* **Data provided**

********

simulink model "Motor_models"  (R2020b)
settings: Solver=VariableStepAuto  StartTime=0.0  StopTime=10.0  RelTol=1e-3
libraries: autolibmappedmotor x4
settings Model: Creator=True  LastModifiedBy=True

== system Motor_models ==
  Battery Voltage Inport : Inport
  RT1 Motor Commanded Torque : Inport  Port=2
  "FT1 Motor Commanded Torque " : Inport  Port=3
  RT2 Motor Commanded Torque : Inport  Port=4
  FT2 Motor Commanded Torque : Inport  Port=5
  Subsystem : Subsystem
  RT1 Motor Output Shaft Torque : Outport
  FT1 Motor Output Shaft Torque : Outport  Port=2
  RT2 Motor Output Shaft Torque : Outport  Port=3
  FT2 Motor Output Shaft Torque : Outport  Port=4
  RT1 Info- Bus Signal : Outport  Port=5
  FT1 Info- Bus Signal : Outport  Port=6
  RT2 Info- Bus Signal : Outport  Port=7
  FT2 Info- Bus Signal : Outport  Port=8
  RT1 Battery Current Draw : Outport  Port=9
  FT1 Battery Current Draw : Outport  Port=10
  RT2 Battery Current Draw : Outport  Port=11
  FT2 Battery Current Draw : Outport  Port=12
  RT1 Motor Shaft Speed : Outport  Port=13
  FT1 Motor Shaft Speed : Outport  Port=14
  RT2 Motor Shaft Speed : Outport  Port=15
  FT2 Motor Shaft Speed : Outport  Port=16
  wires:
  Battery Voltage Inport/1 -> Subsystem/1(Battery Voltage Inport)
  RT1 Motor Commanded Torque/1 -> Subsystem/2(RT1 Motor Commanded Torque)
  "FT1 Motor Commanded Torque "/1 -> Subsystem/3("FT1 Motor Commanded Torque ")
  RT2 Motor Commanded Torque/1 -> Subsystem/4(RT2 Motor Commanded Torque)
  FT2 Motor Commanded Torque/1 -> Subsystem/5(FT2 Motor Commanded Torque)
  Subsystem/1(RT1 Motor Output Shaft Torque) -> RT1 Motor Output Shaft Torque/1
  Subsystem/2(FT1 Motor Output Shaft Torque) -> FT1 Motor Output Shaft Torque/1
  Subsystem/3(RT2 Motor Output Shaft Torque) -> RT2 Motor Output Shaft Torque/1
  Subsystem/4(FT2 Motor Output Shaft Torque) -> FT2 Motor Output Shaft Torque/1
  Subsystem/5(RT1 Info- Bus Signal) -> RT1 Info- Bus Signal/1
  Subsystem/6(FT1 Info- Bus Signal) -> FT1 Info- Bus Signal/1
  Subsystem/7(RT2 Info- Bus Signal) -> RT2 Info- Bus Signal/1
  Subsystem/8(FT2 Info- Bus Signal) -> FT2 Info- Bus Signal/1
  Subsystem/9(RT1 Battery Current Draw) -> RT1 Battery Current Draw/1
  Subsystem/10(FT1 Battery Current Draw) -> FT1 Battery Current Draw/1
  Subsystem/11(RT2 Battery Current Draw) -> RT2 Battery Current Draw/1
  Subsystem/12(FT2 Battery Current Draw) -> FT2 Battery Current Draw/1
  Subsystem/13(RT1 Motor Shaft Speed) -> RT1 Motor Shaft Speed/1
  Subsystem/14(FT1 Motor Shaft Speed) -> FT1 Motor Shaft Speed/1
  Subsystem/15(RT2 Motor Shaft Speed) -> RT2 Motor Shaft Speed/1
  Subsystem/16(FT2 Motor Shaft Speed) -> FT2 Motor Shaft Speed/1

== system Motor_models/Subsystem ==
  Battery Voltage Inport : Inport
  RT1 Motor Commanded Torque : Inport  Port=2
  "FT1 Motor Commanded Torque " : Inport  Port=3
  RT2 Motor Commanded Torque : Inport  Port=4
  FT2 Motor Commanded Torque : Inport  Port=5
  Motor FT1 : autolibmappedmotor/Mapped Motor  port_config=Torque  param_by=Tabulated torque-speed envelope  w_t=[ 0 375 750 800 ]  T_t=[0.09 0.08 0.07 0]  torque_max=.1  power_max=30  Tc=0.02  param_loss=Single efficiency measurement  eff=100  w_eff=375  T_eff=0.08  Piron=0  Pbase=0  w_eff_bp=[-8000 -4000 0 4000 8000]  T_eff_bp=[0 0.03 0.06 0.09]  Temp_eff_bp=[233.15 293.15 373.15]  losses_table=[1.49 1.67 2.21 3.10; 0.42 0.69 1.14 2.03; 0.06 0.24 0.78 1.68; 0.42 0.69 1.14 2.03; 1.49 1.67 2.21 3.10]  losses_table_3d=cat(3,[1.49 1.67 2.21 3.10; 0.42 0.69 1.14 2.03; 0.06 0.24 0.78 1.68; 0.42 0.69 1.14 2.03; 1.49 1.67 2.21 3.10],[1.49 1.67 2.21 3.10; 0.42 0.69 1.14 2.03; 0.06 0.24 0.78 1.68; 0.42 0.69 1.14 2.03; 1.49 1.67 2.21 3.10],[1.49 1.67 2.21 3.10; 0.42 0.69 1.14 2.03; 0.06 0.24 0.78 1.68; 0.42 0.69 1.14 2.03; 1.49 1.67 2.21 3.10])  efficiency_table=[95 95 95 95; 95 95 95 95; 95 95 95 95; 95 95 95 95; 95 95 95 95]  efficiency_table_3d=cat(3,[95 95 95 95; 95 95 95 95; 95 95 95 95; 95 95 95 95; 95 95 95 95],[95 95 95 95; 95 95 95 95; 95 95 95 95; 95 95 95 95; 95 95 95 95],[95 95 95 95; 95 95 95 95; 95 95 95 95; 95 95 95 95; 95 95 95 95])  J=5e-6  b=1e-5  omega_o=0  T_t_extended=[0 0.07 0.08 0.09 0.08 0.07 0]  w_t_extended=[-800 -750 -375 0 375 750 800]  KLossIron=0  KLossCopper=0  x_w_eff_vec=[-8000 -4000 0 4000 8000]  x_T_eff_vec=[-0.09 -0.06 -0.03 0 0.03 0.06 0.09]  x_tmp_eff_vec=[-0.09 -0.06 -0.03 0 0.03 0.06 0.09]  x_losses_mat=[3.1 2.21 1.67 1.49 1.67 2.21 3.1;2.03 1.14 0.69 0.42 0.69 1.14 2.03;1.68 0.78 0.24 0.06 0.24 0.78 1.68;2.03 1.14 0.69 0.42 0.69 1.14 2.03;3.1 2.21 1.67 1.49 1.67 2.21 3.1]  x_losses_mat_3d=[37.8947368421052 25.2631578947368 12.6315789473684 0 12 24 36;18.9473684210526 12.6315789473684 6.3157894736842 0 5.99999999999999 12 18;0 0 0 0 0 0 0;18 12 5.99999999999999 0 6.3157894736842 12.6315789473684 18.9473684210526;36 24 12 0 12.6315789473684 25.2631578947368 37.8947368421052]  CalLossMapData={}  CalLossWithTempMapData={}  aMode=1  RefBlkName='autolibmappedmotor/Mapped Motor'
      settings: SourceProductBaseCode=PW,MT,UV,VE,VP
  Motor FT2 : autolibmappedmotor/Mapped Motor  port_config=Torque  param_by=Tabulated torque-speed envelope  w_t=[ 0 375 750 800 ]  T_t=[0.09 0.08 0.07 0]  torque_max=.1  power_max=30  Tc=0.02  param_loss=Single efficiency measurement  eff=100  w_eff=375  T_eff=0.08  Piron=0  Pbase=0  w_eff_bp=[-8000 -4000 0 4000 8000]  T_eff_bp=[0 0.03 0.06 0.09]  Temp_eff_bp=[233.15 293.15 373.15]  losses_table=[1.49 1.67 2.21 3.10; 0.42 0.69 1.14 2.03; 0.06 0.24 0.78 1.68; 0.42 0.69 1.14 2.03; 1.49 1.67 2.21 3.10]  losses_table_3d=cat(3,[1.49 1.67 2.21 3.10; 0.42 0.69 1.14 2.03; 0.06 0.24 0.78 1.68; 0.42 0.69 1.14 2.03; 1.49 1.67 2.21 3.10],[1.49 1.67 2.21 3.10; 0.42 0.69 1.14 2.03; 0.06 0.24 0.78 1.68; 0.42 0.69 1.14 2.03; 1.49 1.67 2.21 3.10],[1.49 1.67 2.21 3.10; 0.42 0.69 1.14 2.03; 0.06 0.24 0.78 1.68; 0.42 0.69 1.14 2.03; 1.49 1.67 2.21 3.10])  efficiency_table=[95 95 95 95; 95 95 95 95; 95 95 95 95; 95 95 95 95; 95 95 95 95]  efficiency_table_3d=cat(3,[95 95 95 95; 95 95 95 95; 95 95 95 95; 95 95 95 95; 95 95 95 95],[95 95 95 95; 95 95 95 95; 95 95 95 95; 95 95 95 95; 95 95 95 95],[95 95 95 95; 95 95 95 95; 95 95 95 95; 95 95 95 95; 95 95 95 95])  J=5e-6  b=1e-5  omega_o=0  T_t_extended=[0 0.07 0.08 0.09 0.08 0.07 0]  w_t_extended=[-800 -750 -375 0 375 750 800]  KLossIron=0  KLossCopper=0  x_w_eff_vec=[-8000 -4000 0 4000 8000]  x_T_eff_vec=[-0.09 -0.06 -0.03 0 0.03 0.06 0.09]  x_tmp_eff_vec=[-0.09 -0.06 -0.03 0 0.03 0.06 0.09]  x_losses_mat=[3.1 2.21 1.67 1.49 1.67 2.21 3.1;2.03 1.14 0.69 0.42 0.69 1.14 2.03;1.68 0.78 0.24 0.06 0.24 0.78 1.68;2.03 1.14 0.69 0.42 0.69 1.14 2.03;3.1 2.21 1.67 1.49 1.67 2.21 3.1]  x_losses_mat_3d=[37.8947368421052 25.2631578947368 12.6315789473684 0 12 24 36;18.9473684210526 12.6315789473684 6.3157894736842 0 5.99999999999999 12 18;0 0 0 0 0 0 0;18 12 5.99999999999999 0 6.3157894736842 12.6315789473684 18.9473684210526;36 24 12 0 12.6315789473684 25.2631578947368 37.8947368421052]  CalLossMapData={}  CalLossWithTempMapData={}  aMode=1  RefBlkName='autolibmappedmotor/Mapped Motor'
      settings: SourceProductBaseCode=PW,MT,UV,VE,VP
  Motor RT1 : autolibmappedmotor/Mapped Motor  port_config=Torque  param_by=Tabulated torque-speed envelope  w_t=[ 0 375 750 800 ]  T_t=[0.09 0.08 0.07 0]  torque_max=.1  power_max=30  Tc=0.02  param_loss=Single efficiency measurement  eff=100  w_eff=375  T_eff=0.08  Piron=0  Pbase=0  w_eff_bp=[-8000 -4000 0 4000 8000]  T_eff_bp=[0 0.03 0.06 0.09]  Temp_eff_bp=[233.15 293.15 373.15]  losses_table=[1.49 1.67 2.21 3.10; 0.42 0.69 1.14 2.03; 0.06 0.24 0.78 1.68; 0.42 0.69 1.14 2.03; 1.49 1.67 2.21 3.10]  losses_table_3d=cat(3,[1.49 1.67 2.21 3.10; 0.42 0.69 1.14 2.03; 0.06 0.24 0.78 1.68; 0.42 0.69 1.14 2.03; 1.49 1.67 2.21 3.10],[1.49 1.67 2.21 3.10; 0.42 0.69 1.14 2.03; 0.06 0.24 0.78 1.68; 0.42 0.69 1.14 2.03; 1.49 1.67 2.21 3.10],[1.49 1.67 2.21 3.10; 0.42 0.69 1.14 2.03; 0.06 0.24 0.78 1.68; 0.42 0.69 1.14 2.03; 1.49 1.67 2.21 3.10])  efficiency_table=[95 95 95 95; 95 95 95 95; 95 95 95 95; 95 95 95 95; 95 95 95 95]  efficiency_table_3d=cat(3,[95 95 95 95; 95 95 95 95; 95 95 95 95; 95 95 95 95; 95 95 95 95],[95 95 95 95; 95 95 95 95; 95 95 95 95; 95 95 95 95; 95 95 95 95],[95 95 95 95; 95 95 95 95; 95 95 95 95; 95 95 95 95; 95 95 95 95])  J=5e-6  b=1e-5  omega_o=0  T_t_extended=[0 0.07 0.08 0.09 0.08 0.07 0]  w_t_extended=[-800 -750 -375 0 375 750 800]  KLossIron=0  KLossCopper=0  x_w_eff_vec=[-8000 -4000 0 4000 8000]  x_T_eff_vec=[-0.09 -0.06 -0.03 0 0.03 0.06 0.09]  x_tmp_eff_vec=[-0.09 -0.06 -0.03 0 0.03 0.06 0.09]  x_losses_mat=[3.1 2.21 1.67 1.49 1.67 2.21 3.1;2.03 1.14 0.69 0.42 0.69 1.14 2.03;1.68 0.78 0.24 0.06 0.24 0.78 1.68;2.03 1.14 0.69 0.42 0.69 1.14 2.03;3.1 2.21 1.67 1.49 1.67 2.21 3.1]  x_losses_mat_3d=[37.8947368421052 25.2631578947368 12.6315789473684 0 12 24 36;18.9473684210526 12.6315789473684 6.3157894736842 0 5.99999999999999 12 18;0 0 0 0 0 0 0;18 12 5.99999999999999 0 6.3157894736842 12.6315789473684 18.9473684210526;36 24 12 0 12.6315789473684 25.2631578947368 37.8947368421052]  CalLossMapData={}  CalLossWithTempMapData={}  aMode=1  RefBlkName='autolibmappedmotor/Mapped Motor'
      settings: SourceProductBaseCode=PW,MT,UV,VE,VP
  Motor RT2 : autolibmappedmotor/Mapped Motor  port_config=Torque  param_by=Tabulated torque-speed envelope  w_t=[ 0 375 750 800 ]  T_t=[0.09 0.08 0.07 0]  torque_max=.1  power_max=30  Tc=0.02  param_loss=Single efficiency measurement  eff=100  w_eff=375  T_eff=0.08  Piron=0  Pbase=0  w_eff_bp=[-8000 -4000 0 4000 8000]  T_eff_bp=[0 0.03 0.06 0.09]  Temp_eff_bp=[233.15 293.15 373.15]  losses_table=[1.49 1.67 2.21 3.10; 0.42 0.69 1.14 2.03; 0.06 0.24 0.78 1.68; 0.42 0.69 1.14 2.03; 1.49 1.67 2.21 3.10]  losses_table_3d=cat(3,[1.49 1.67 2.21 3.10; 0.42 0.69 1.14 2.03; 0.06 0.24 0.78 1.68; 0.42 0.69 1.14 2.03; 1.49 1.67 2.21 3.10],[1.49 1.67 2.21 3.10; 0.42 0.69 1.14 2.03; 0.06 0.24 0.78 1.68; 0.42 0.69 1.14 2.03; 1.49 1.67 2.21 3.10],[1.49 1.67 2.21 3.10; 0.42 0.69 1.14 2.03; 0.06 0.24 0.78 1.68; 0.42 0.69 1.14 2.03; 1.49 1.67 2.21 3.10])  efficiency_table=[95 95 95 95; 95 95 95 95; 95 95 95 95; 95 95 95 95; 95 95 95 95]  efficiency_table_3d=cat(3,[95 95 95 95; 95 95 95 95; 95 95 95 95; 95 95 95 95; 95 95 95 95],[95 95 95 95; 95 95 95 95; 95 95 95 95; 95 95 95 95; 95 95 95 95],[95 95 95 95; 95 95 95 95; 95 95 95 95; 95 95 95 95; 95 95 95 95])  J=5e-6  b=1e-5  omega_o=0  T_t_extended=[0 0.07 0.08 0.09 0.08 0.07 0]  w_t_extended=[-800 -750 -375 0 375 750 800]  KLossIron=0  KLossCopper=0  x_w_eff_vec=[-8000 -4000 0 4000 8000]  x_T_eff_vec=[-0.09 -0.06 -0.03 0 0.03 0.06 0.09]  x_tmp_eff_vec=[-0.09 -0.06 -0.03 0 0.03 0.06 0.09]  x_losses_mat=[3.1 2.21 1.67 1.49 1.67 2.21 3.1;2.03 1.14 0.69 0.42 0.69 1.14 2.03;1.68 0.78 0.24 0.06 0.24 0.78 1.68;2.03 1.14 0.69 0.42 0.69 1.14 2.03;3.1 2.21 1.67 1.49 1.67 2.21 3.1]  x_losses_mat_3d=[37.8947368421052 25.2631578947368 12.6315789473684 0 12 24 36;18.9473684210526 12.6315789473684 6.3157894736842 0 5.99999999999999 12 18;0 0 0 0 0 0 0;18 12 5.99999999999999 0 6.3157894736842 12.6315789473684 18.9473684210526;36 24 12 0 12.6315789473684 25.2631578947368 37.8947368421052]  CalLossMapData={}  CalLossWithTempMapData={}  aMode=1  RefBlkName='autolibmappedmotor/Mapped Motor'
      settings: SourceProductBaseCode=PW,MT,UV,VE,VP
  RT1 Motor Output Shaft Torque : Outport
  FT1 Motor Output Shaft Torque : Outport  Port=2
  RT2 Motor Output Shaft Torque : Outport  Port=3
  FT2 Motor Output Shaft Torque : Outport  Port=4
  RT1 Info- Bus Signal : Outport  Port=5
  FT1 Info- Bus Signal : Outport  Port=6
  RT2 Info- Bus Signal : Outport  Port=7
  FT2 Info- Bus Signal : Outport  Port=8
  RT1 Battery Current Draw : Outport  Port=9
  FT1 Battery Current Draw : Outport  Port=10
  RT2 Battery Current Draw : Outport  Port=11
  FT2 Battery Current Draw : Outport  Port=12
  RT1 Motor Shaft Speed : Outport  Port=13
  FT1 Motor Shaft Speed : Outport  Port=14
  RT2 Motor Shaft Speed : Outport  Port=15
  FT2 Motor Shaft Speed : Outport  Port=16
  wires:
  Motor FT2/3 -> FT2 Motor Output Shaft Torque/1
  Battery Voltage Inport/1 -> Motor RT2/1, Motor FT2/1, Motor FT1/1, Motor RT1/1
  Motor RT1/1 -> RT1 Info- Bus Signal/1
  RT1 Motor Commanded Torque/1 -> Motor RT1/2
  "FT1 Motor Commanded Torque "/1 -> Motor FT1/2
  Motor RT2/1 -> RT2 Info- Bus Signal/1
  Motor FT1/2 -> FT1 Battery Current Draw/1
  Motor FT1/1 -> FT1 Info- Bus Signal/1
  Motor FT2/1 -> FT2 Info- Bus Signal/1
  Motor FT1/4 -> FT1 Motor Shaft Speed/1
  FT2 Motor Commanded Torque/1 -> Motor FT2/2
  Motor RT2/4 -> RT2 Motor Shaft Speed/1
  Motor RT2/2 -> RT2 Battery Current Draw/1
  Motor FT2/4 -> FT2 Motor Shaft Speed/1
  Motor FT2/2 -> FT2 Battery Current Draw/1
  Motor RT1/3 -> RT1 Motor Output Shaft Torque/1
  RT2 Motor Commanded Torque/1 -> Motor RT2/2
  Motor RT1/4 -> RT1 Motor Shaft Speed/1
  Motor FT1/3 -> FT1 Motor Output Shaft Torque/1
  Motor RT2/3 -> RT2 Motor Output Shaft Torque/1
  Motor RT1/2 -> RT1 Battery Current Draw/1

********

Leaving out all lines before the one containing "Motor FT2/1 -> FT2 Info- Bus Signal/1", copy that line and the rest through the end of the listing above exactly.

  Motor FT2/1 -> FT2 Info- Bus Signal/1
  Motor FT1/4 -> FT1 Motor Shaft Speed/1
  FT2 Motor Commanded Torque/1 -> Motor FT2/2
  Motor RT2/4 -> RT2 Motor Shaft Speed/1
  Motor RT2/2 -> RT2 Battery Current Draw/1
  Motor FT2/4 -> FT2 Motor Shaft Speed/1
  Motor FT2/2 -> FT2 Battery Current Draw/1
  Motor RT1/3 -> RT1 Motor Output Shaft Torque/1
  RT2 Motor Commanded Torque/1 -> Motor RT2/2
  Motor RT1/4 -> RT1 Motor Shaft Speed/1
  Motor FT1/3 -> FT1 Motor Output Shaft Torque/1
  Motor RT2/3 -> RT2 Motor Output Shaft Torque/1
  Motor RT1/2 -> RT1 Battery Current Draw/1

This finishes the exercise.